Behavior based detection is part of Kaspersky Lab’s multi-layered, next generation approach to protection. It’s one of the most efficient ways to protect against advanced threats like fileless malware, ransomware and zero-day malware.The following protection capabilities make up Kaspersky Lab's new Threat Behavior Engine:
- Behavior Detection
- Exploit Prevention (EP)
- Remediation Engine
In real life, threat actors obfuscate malicious code to bypass static detection technologies in and emulation by security products. For example, just-created ransomware code is often packed by custom-made packer with anti-emulation feature. Before execution, any attempt to scan the well-done sample by On Demand Scan or On Access Scan will return no success in detection, so the task of the threat actor is carried out.
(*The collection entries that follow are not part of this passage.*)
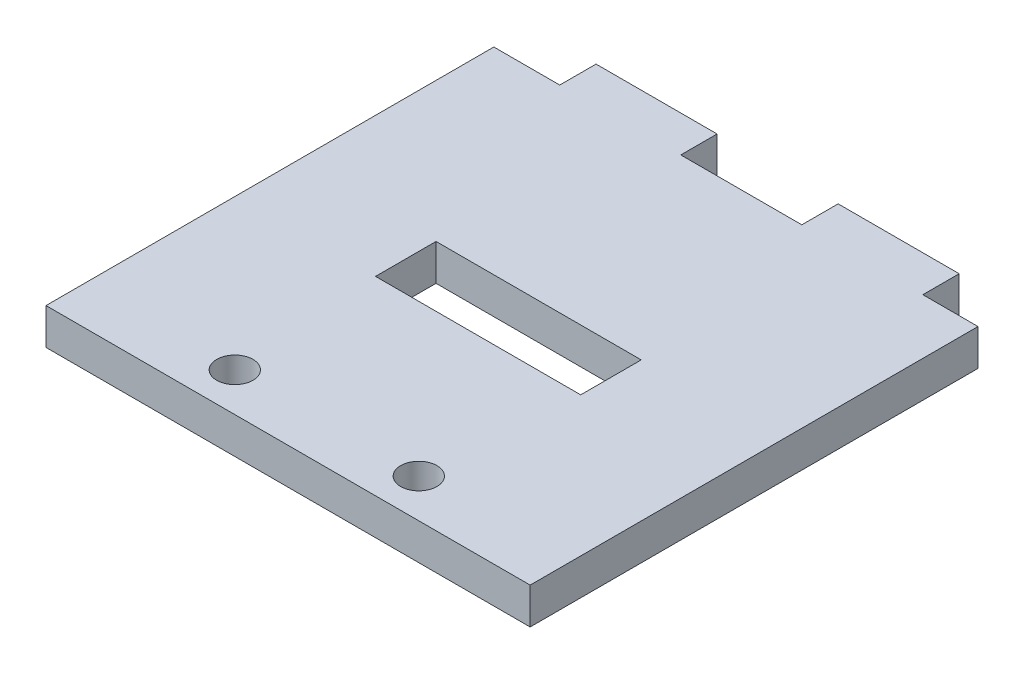
ISO-10303-21;
HEADER;
FILE_DESCRIPTION(('STEP AP214'),'2;1');
FILE_NAME('part.step','',(''),(''),'','','');
FILE_SCHEMA(('AUTOMOTIVE_DESIGN { 1 0 10303 214 1 1 1 1 }'));
ENDSEC;
DATA;
#1=APPLICATION_CONTEXT('core data for automotive mechanical design processes');
#2=APPLICATION_PROTOCOL_DEFINITION('international standard','automotive_design',2000,#1);
#3=PRODUCT_CONTEXT('',#1,'mechanical');
#4=PRODUCT('Part','Part','',(#3));
#5=PRODUCT_RELATED_PRODUCT_CATEGORY('part','',(#4));
#6=PRODUCT_DEFINITION_FORMATION('','',#4);
#7=PRODUCT_DEFINITION_CONTEXT('part definition',#1,'design');
#8=PRODUCT_DEFINITION('design','',#6,#7);
#9=PRODUCT_DEFINITION_SHAPE('','',#8);
#10=(LENGTH_UNIT() NAMED_UNIT(*) SI_UNIT(.MILLI.,.METRE.));
#11=(NAMED_UNIT(*) PLANE_ANGLE_UNIT() SI_UNIT($,.RADIAN.));
#12=(NAMED_UNIT(*) SI_UNIT($,.STERADIAN.) SOLID_ANGLE_UNIT());
#13=UNCERTAINTY_MEASURE_WITH_UNIT(LENGTH_MEASURE(1.E-05),#10,'distance_accuracy_value','');
#14=(GEOMETRIC_REPRESENTATION_CONTEXT(3) GLOBAL_UNCERTAINTY_ASSIGNED_CONTEXT((#13)) GLOBAL_UNIT_ASSIGNED_CONTEXT((#10,
#11,#12)) REPRESENTATION_CONTEXT('',''));
#15=CARTESIAN_POINT('',(0.,0.,0.));
#16=DIRECTION('',(0.,0.,1.));
#17=DIRECTION('',(1.,0.,0.));
#18=AXIS2_PLACEMENT_3D('',#15,#16,#17);
#19=CARTESIAN_POINT('',(-20.,3.,-20.));
#20=DIRECTION('',(0.,0.,1.));
#21=DIRECTION('',(1.,0.,0.));
#22=AXIS2_PLACEMENT_3D('',#19,#20,#21);
#23=PLANE('',#22);
#24=DIRECTION('',(-1.,0.,0.));
#25=VECTOR('',#24,1.);
#26=CARTESIAN_POINT('',(-20.,0.,-20.));
#27=LINE('',#26,#25);
#28=CARTESIAN_POINT('',(-4.55550933330212,0.,-20.));
#29=VERTEX_POINT('',#28);
#30=CARTESIAN_POINT('',(-14.5555093333021,0.,-20.));
#31=VERTEX_POINT('',#30);
#32=EDGE_CURVE('E267',#29,#31,#27,.T.);
#33=ORIENTED_EDGE('',*,*,#32,.T.);
#34=DIRECTION('',(0.,-1.,0.));
#35=VECTOR('',#34,1.);
#36=CARTESIAN_POINT('',(-14.5555093333021,10.,-20.));
#37=LINE('',#36,#35);
#38=CARTESIAN_POINT('',(-14.5555093333021,3.,-20.));
#39=VERTEX_POINT('',#38);
#40=EDGE_CURVE('E56',#39,#31,#37,.T.);
#41=ORIENTED_EDGE('',*,*,#40,.F.);
#42=DIRECTION('',(-1.,0.,0.));
#43=VECTOR('',#42,1.);
#44=CARTESIAN_POINT('',(-20.,3.,-20.));
#45=LINE('',#44,#43);
#46=CARTESIAN_POINT('',(-4.55550933330212,3.,-20.));
#47=VERTEX_POINT('',#46);
#48=EDGE_CURVE('E225',#47,#39,#45,.T.);
#49=ORIENTED_EDGE('',*,*,#48,.F.);
#50=DIRECTION('',(0.,-1.,0.));
#51=VECTOR('',#50,1.);
#52=CARTESIAN_POINT('',(-4.55550933330212,10.,-20.));
#53=LINE('',#52,#51);
#54=EDGE_CURVE('E201',#47,#29,#53,.T.);
#55=ORIENTED_EDGE('',*,*,#54,.T.);
#56=EDGE_LOOP('',(#33,#41,#49,#55));
#57=FACE_BOUND('',#56,.T.);
#58=ADVANCED_FACE('F41',(#57),#23,.F.);
#59=CARTESIAN_POINT('',(20.,3.,-20.));
#60=DIRECTION('',(-1.,0.,0.));
#61=DIRECTION('',(0.,0.,1.));
#62=AXIS2_PLACEMENT_3D('',#59,#60,#61);
#63=PLANE('',#62);
#64=DIRECTION('',(0.,0.,-1.));
#65=VECTOR('',#64,1.);
#66=CARTESIAN_POINT('',(20.,0.,-20.));
#67=LINE('',#66,#65);
#68=CARTESIAN_POINT('',(20.,0.,20.));
#69=VERTEX_POINT('',#68);
#70=CARTESIAN_POINT('',(20.,0.,-16.9999999999999));
#71=VERTEX_POINT('',#70);
#72=EDGE_CURVE('E265',#69,#71,#67,.T.);
#73=ORIENTED_EDGE('',*,*,#72,.T.);
#74=DIRECTION('',(0.,-1.,0.));
#75=VECTOR('',#74,1.);
#76=CARTESIAN_POINT('',(20.,10.,-16.9999999999999));
#77=LINE('',#76,#75);
#78=CARTESIAN_POINT('',(20.,3.,-16.9999999999999));
#79=VERTEX_POINT('',#78);
#80=EDGE_CURVE('E166',#79,#71,#77,.T.);
#81=ORIENTED_EDGE('',*,*,#80,.F.);
#82=DIRECTION('',(0.,0.,-1.));
#83=VECTOR('',#82,1.);
#84=CARTESIAN_POINT('',(20.,3.,-20.));
#85=LINE('',#84,#83);
#86=CARTESIAN_POINT('',(20.,3.,20.));
#87=VERTEX_POINT('',#86);
#88=EDGE_CURVE('E231',#87,#79,#85,.T.);
#89=ORIENTED_EDGE('',*,*,#88,.F.);
#90=DIRECTION('',(0.,-1.,0.));
#91=VECTOR('',#90,1.);
#92=CARTESIAN_POINT('',(20.,3.,20.));
#93=LINE('',#92,#91);
#94=EDGE_CURVE('E49',#87,#69,#93,.T.);
#95=ORIENTED_EDGE('',*,*,#94,.T.);
#96=EDGE_LOOP('',(#73,#81,#89,#95));
#97=FACE_BOUND('',#96,.T.);
#98=ADVANCED_FACE('F43',(#97),#63,.F.);
#99=CARTESIAN_POINT('',(15.4444906666979,0.,-20.));
#100=VERTEX_POINT('',#99);
#101=CARTESIAN_POINT('',(5.44449066669788,0.,-20.));
#102=VERTEX_POINT('',#101);
#103=EDGE_CURVE('E180',#100,#102,#27,.T.);
#104=ORIENTED_EDGE('',*,*,#103,.T.);
#105=DIRECTION('',(0.,-1.,0.));
#106=VECTOR('',#105,1.);
#107=CARTESIAN_POINT('',(5.44449066669788,10.,-20.));
#108=LINE('',#107,#106);
#109=CARTESIAN_POINT('',(5.44449066669788,3.,-20.));
#110=VERTEX_POINT('',#109);
#111=EDGE_CURVE('E64',#110,#102,#108,.T.);
#112=ORIENTED_EDGE('',*,*,#111,.F.);
#113=CARTESIAN_POINT('',(15.4444906666979,3.,-20.));
#114=VERTEX_POINT('',#113);
#115=EDGE_CURVE('E230',#114,#110,#45,.T.);
#116=ORIENTED_EDGE('',*,*,#115,.F.);
#117=DIRECTION('',(0.,-1.,0.));
#118=VECTOR('',#117,1.);
#119=CARTESIAN_POINT('',(15.4444906666979,10.,-20.));
#120=LINE('',#119,#118);
#121=EDGE_CURVE('E165',#114,#100,#120,.T.);
#122=ORIENTED_EDGE('',*,*,#121,.T.);
#123=EDGE_LOOP('',(#104,#112,#116,#122));
#124=FACE_BOUND('',#123,.T.);
#125=ADVANCED_FACE('F314',(#124),#23,.F.);
#126=CARTESIAN_POINT('',(-20.,3.,-20.));
#127=DIRECTION('',(1.,0.,0.));
#128=DIRECTION('',(0.,0.,-1.));
#129=AXIS2_PLACEMENT_3D('',#126,#127,#128);
#130=PLANE('',#129);
#131=DIRECTION('',(0.,0.,1.));
#132=VECTOR('',#131,1.);
#133=CARTESIAN_POINT('',(-20.,3.,-20.));
#134=LINE('',#133,#132);
#135=CARTESIAN_POINT('',(-20.,3.,-16.9999999999999));
#136=VERTEX_POINT('',#135);
#137=CARTESIAN_POINT('',(-20.,3.,20.));
#138=VERTEX_POINT('',#137);
#139=EDGE_CURVE('E234',#136,#138,#134,.T.);
#140=ORIENTED_EDGE('',*,*,#139,.F.);
#141=DIRECTION('',(0.,-1.,0.));
#142=VECTOR('',#141,1.);
#143=CARTESIAN_POINT('',(-20.,10.,-16.9999999999999));
#144=LINE('',#143,#142);
#145=CARTESIAN_POINT('',(-20.,0.,-16.9999999999999));
#146=VERTEX_POINT('',#145);
#147=EDGE_CURVE('E194',#136,#146,#144,.T.);
#148=ORIENTED_EDGE('',*,*,#147,.T.);
#149=DIRECTION('',(0.,0.,1.));
#150=VECTOR('',#149,1.);
#151=CARTESIAN_POINT('',(-20.,0.,-20.));
#152=LINE('',#151,#150);
#153=CARTESIAN_POINT('',(-20.,0.,20.));
#154=VERTEX_POINT('',#153);
#155=EDGE_CURVE('E271',#146,#154,#152,.T.);
#156=ORIENTED_EDGE('',*,*,#155,.T.);
#157=DIRECTION('',(0.,-1.,0.));
#158=VECTOR('',#157,1.);
#159=CARTESIAN_POINT('',(-20.,3.,20.));
#160=LINE('',#159,#158);
#161=EDGE_CURVE('E12',#138,#154,#160,.T.);
#162=ORIENTED_EDGE('',*,*,#161,.F.);
#163=EDGE_LOOP('',(#140,#148,#156,#162));
#164=FACE_BOUND('',#163,.T.);
#165=ADVANCED_FACE('F287',(#164),#130,.F.);
#166=CARTESIAN_POINT('',(-20.,3.,20.));
#167=DIRECTION('',(0.,0.,-1.));
#168=DIRECTION('',(-1.,0.,0.));
#169=AXIS2_PLACEMENT_3D('',#166,#167,#168);
#170=PLANE('',#169);
#171=DIRECTION('',(1.,0.,0.));
#172=VECTOR('',#171,1.);
#173=CARTESIAN_POINT('',(-20.,0.,20.));
#174=LINE('',#173,#172);
#175=EDGE_CURVE('E273',#154,#69,#174,.T.);
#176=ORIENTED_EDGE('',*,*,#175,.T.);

But when it comes to execution stage, the Threat Behavior Engine analyzes the actual process activity in real time and reveals its malicious nature. All that is needed then is to flag the alarm, terminate the process and perform rollback of the changes.
In the mentioned example with packed ransomware, the sample could try to
- Find important files on target system
- Encrypt important files
- Delete original files
- Delete shadow copies
Such information is enough for detection and does not depend on packer or anti-emulation techniques used. Running Threat Behavior Engine, armored by both behavior heuristics and ML-based models, the product becomes non-sensitive to static avoidance techniques and even sample behavior modifications.
Making behavior based judgments, it is important to produce detection of malicious activity as soon as possible, which in combination with proper Remediation Engine allows to prevent any final user’s data loss. Remediation Engine protects different objects, like files, registry keys, tasks, etc.
Returning to the sample above, let’s assume that before actual malicious activity, the ransomware added itself to autorun (for example, through registry). After detection, Remediation Engine should analyze the behavioral stream and not just restore user’s data but also delete the created registry key.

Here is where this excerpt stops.